Material provided Start Marker

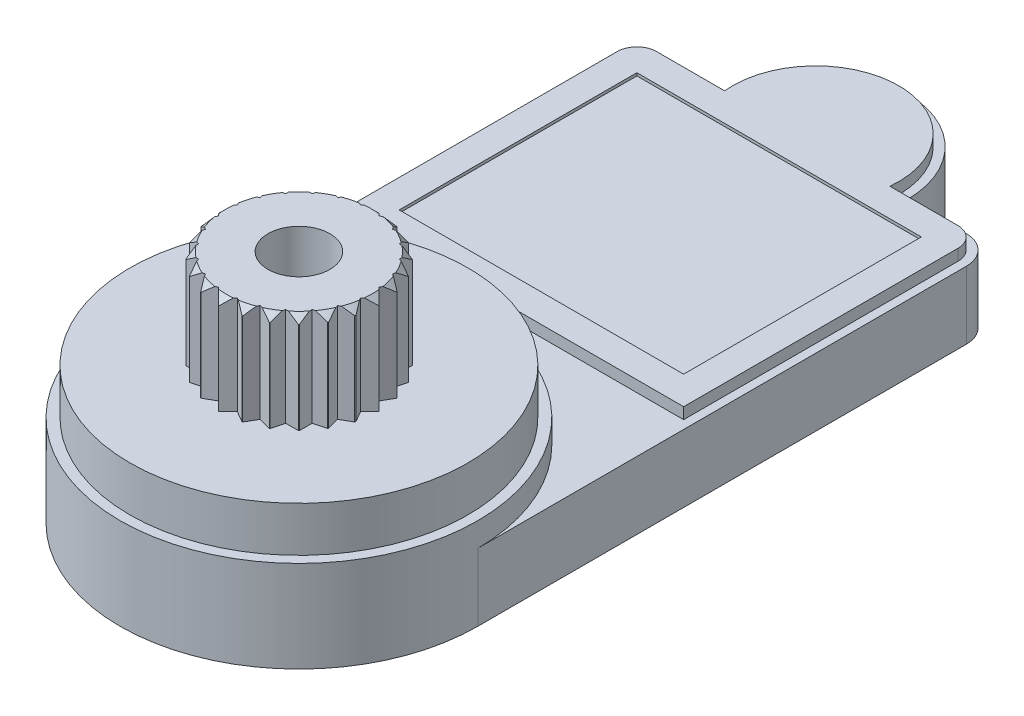
from build123d import *

# Parameters (mm, degrees)
SKETCH1_R           = 6.35
SKETCH1_R_2         = 1
BOSS_EXTRUDE1_DEPTH = 2.4
SKETCH2_R           = 6.35
BOSS_EXTRUDE2_DEPTH = 0.85
SKETCH3_R           = 6
BOSS_EXTRUDE3_DEPTH = 1.6
BOSS_EXTRUDE4_DEPTH = 3.5
SKETCH6_R           = 1.1
CUT_EXTRUDE1_DEPTH  = 4
BOSS_EXTRUDE5_DEPTH = 0.4
SKETCH8_W           = 10.1
SKETCH8_H           = 8.440176683
CUT_EXTRUDE2_DEPTH  = 0.1


with BuildPart() as part:
    # Sketch1 → Boss-Extrude1 (new body)
    with BuildSketch(Plane(origin=(0, 0, 0), x_dir=(1, 0, 0), z_dir=(0, 1, 0))):
        with Locations((0, -8.7)):
            Circle(SKETCH1_R)
        with BuildLine():
            Line((-3.25, 9.65), (-5.35, 9.65))
            ThreePointArc((-5.35, 9.65), (-4.642893219, 9.357106781), (-4.35, 8.65))
            ThreePointArc((-4.35, 8.65), (-5.350000006, 7.65), (-6.35, 8.650000012))
            Line((-6.35, 8.650000012), (-6.35, -8.700000013))
            ThreePointArc((-6.35, -8.700000013), (-7e-09, -2.35), (6.35, -8.7))
            Line((6.35, -8.7), (6.35, 8.65))
            ThreePointArc((6.35, 8.65), (4.642893215, 7.942893223), (5.350000012, 9.65))
            Line((5.350000012, 9.65), (3.25, 9.65))
            ThreePointArc((3.25, 9.65), (0, 6.4), (-3.25, 9.65))
        make_face()
        with Locations((-5.35, 8.65)):
            Circle(SKETCH1_R_2)
        with BuildLine():
            ThreePointArc((3.25, 9.65), (0, 12.9), (-3.25, 9.65))
            Line((-3.25, 9.65), (3.25, 9.65))
        make_face()
        with BuildLine():
            Line((3.25, 9.65), (-3.25, 9.65))
            ThreePointArc((-3.25, 9.65), (0, 6.4), (3.25, 9.65))
        make_face()
        with Locations((5.35, 8.65)):
            Circle(SKETCH1_R_2)
    extrude(amount=BOSS_EXTRUDE1_DEPTH)

    # Sketch2 → Boss-Extrude2 (add)
    with BuildSketch(Plane(origin=(0, 2.4, 0), x_dir=(-1, 0, 0), z_dir=(0, 1, 0))):
        with Locations((0, 8.7)):
            Circle(SKETCH2_R)
    extrude(amount=BOSS_EXTRUDE2_DEPTH)

    # Sketch3 → Boss-Extrude3 (add)
    with BuildSketch(Plane(origin=(0, 3.25, 0), x_dir=(-1, 0, 0), z_dir=(0, 1, 0))):
        with Locations((0, 8.7)):
            Circle(SKETCH3_R)
    extrude(amount=BOSS_EXTRUDE3_DEPTH)

    # Sketch4 → Boss-Extrude4 (add)
    with BuildSketch(Plane(origin=(0, 4.85, 0), x_dir=(-1, 0, 0), z_dir=(0, 1, 0))):
        Polygon((2.518440958, 8.368440958), (2.85, 8.7), (2.518440958, 9.031559042), (2.741390732, 9.417719379), (2.729517437, 9.451127629), (2.346813369, 9.672081926), (2.463209043, 10.106476495), (2.445926072, 10.130960886), (2.015254326, 10.246359032), (2.015254326, 10.700296057), (1.996868143, 10.715254326), (1.546359032, 10.715254326), (1.427678707, 11.15817533), (1.412422166, 11.16480218), (0.972081926, 11.046813369), (0.740314632, 11.448246096), (0.731654815, 11.44943636), (0.331559042, 11.218440958), (0, 11.55), (-0.331559042, 11.218440958), (-0.731654815, 11.44943636), (-0.740314632, 11.448246096), (-0.972081926, 11.046813369), (-1.412422166, 11.16480218), (-1.427678707, 11.15817533), (-1.546359032, 10.715254326), (-1.996868143, 10.715254326), (-2.015254326, 10.700296057), (-2.015254326, 10.246359032), (-2.445926072, 10.130960886), (-2.463209043, 10.106476495), (-2.346813369, 9.672081926), (-2.729517437, 9.451127629), (-2.741390732, 9.417719379), (-2.518440958, 9.031559042), (-2.85, 8.7), (-2.518440958, 8.368440958), (-2.752888605, 7.962365721), (-2.346813369, 7.727918074), (-2.468172401, 7.275), (-2.015254326, 7.153640968), (-2.015254326, 6.684745674), (-1.546359032, 6.684745674), (-1.425, 6.231827599), (-0.972081926, 6.353186631), (-0.737634279, 5.947111395), (-0.331559042, 6.181559042), (0, 5.85), (0.331559042, 6.181559042), (0.737634279, 5.947111395), (0.972081926, 6.353186631), (1.425, 6.231827599), (1.546359032, 6.684745674), (2.015254326, 6.684745674), (2.015254326, 7.153640968), (2.468172401, 7.275), (2.346813369, 7.727918074), (2.752888605, 7.962365721), align=None)
    extrude(amount=BOSS_EXTRUDE4_DEPTH)

    # Sketch5 → Cut-Revolve1 (revolve, cut)
    with BuildSketch(Plane(origin=(0, 0, 0), x_dir=(0, 0, -1), z_dir=(1, 0, 0))):
        Polygon((-6.9, 9.15), (-4.454839661, 9.15), (-4.454839661, 6.704839661), align=None)
    revolve(axis=Axis((0, 8.077813164, 8.7), (0, -1, 0)), mode=Mode.SUBTRACT)

    # Sketch6 → Cut-Extrude1 (cut)
    with BuildSketch(Plane(origin=(0, 8.35, 0), x_dir=(-1, 0, 0), z_dir=(0, 1, 0))):
        with Locations((0, 8.7)):
            Circle(SKETCH6_R)
    extrude(amount=-CUT_EXTRUDE1_DEPTH, mode=Mode.SUBTRACT)

    # Sketch7 → Boss-Extrude5 (add)
    with BuildSketch(Plane(origin=(0, 2.4, 0), x_dir=(-1, 0, 0), z_dir=(0, 1, 0))):
        with BuildLine():
            Line((2.934706118, -9.35), (5.35, -9.35))
            ThreePointArc((5.35, -9.35), (5.844974747, -9.144974747), (6.05, -8.65))
            Line((6.05, -8.65), (6.05, 1.090176683))
            Line((6.05, 1.090176683), (-6.05, 1.090176683))
            Line((-6.05, 1.090176683), (-6.05, -1.654552581))
            Line((-6.05, -1.654552581), (-6.05, -8.65))
            ThreePointArc((-6.05, -8.65), (-5.844974747, -9.144974747), (-5.35, -9.35))
            Line((-5.35, -9.35), (-2.934706118, -9.35))
            ThreePointArc((-2.934706118, -9.35), (0, -12.6), (2.934706118, -9.35))
        make_face()
    extrude(amount=BOSS_EXTRUDE5_DEPTH)

    # Sketch8 → Cut-Extrude2 (cut)
    with BuildSketch(Plane(origin=(0, 2.8, 0), x_dir=(-1, 0, 0), z_dir=(0, 1, 0))):
        with Locations((0, -4.129911659)):
            Rectangle(SKETCH8_W, SKETCH8_H)
    extrude(amount=-CUT_EXTRUDE2_DEPTH, mode=Mode.SUBTRACT)


solid = part.part

Material provided End Marker

Please transcribe each line above exactly, but leave the images out.

__Expected answer__
from build123d import *

# Parameters (mm, degrees)
SKETCH1_R           = 6.35
SKETCH1_R_2         = 1
BOSS_EXTRUDE1_DEPTH = 2.4
SKETCH2_R           = 6.35
BOSS_EXTRUDE2_DEPTH = 0.85
SKETCH3_R           = 6
BOSS_EXTRUDE3_DEPTH = 1.6
BOSS_EXTRUDE4_DEPTH = 3.5
SKETCH6_R           = 1.1
CUT_EXTRUDE1_DEPTH  = 4
BOSS_EXTRUDE5_DEPTH = 0.4
SKETCH8_W           = 10.1
SKETCH8_H           = 8.440176683
CUT_EXTRUDE2_DEPTH  = 0.1


with BuildPart() as part:
    # Sketch1 → Boss-Extrude1 (new body)
    with BuildSketch(Plane(origin=(0, 0, 0), x_dir=(1, 0, 0), z_dir=(0, 1, 0))):
        with Locations((0, -8.7)):
            Circle(SKETCH1_R)
        with BuildLine():
            Line((-3.25, 9.65), (-5.35, 9.65))
            ThreePointArc((-5.35, 9.65), (-4.642893219, 9.357106781), (-4.35, 8.65))
            ThreePointArc((-4.35, 8.65), (-5.350000006, 7.65), (-6.35, 8.650000012))
            Line((-6.35, 8.650000012), (-6.35, -8.700000013))
            ThreePointArc((-6.35, -8.700000013), (-7e-09, -2.35), (6.35, -8.7))
            Line((6.35, -8.7), (6.35, 8.65))
            ThreePointArc((6.35, 8.65), (4.642893215, 7.942893223), (5.350000012, 9.65))
            Line((5.350000012, 9.65), (3.25, 9.65))
            ThreePointArc((3.25, 9.65), (0, 6.4), (-3.25, 9.65))
        make_face()
        with Locations((-5.35, 8.65)):
            Circle(SKETCH1_R_2)
        with BuildLine():
            ThreePointArc((3.25, 9.65), (0, 12.9), (-3.25, 9.65))
            Line((-3.25, 9.65), (3.25, 9.65))
        make_face()
        with BuildLine():
            Line((3.25, 9.65), (-3.25, 9.65))
            ThreePointArc((-3.25, 9.65), (0, 6.4), (3.25, 9.65))
        make_face()
        with Locations((5.35, 8.65)):
            Circle(SKETCH1_R_2)
    extrude(amount=BOSS_EXTRUDE1_DEPTH)

    # Sketch2 → Boss-Extrude2 (add)
    with BuildSketch(Plane(origin=(0, 2.4, 0), x_dir=(-1, 0, 0), z_dir=(0, 1, 0))):
        with Locations((0, 8.7)):
            Circle(SKETCH2_R)
    extrude(amount=BOSS_EXTRUDE2_DEPTH)

    # Sketch3 → Boss-Extrude3 (add)
    with BuildSketch(Plane(origin=(0, 3.25, 0), x_dir=(-1, 0, 0), z_dir=(0, 1, 0))):
        with Locations((0, 8.7)):
            Circle(SKETCH3_R)
    extrude(amount=BOSS_EXTRUDE3_DEPTH)

    # Sketch4 → Boss-Extrude4 (add)
    with BuildSketch(Plane(origin=(0, 4.85, 0), x_dir=(-1, 0, 0), z_dir=(0, 1, 0))):
        Polygon((2.518440958, 8.368440958), (2.85, 8.7), (2.518440958, 9.031559042), (2.741390732, 9.417719379), (2.729517437, 9.451127629), (2.346813369, 9.672081926), (2.463209043, 10.106476495), (2.445926072, 10.130960886), (2.015254326, 10.246359032), (2.015254326, 10.700296057), (1.996868143, 10.715254326), (1.546359032, 10.715254326), (1.427678707, 11.15817533), (1.412422166, 11.16480218), (0.972081926, 11.046813369), (0.740314632, 11.448246096), (0.731654815, 11.44943636), (0.331559042, 11.218440958), (0, 11.55), (-0.331559042, 11.218440958), (-0.731654815, 11.44943636), (-0.740314632, 11.448246096), (-0.972081926, 11.046813369), (-1.412422166, 11.16480218), (-1.427678707, 11.15817533), (-1.546359032, 10.715254326), (-1.996868143, 10.715254326), (-2.015254326, 10.700296057), (-2.015254326, 10.246359032), (-2.445926072, 10.130960886), (-2.463209043, 10.106476495), (-2.346813369, 9.672081926), (-2.729517437, 9.451127629), (-2.741390732, 9.417719379), (-2.518440958, 9.031559042), (-2.85, 8.7), (-2.518440958, 8.368440958), (-2.752888605, 7.962365721), (-2.346813369, 7.727918074), (-2.468172401, 7.275), (-2.015254326, 7.153640968), (-2.015254326, 6.684745674), (-1.546359032, 6.684745674), (-1.425, 6.231827599), (-0.972081926, 6.353186631), (-0.737634279, 5.947111395), (-0.331559042, 6.181559042), (0, 5.85), (0.331559042, 6.181559042), (0.737634279, 5.947111395), (0.972081926, 6.353186631), (1.425, 6.231827599), (1.546359032, 6.684745674), (2.015254326, 6.684745674), (2.015254326, 7.153640968), (2.468172401, 7.275), (2.346813369, 7.727918074), (2.752888605, 7.962365721), align=None)
    extrude(amount=BOSS_EXTRUDE4_DEPTH)

    # Sketch5 → Cut-Revolve1 (revolve, cut)
    with BuildSketch(Plane(origin=(0, 0, 0), x_dir=(0, 0, -1), z_dir=(1, 0, 0))):
        Polygon((-6.9, 9.15), (-4.454839661, 9.15), (-4.454839661, 6.704839661), align=None)
    revolve(axis=Axis((0, 8.077813164, 8.7), (0, -1, 0)), mode=Mode.SUBTRACT)

    # Sketch6 → Cut-Extrude1 (cut)
    with BuildSketch(Plane(origin=(0, 8.35, 0), x_dir=(-1, 0, 0), z_dir=(0, 1, 0))):
        with Locations((0, 8.7)):
            Circle(SKETCH6_R)
    extrude(amount=-CUT_EXTRUDE1_DEPTH, mode=Mode.SUBTRACT)

    # Sketch7 → Boss-Extrude5 (add)
    with BuildSketch(Plane(origin=(0, 2.4, 0), x_dir=(-1, 0, 0), z_dir=(0, 1, 0))):
        with BuildLine():
            Line((2.934706118, -9.35), (5.35, -9.35))
            ThreePointArc((5.35, -9.35), (5.844974747, -9.144974747), (6.05, -8.65))
            Line((6.05, -8.65), (6.05, 1.090176683))
            Line((6.05, 1.090176683), (-6.05, 1.090176683))
            Line((-6.05, 1.090176683), (-6.05, -1.654552581))
            Line((-6.05, -1.654552581), (-6.05, -8.65))
            ThreePointArc((-6.05, -8.65), (-5.844974747, -9.144974747), (-5.35, -9.35))
            Line((-5.35, -9.35), (-2.934706118, -9.35))
            ThreePointArc((-2.934706118, -9.35), (0, -12.6), (2.934706118, -9.35))
        make_face()
    extrude(amount=BOSS_EXTRUDE5_DEPTH)

    # Sketch8 → Cut-Extrude2 (cut)
    with BuildSketch(Plane(origin=(0, 2.8, 0), x_dir=(-1, 0, 0), z_dir=(0, 1, 0))):
        with Locations((0, -4.129911659)):
            Rectangle(SKETCH8_W, SKETCH8_H)
    extrude(amount=-CUT_EXTRUDE2_DEPTH, mode=Mode.SUBTRACT)


solid = part.part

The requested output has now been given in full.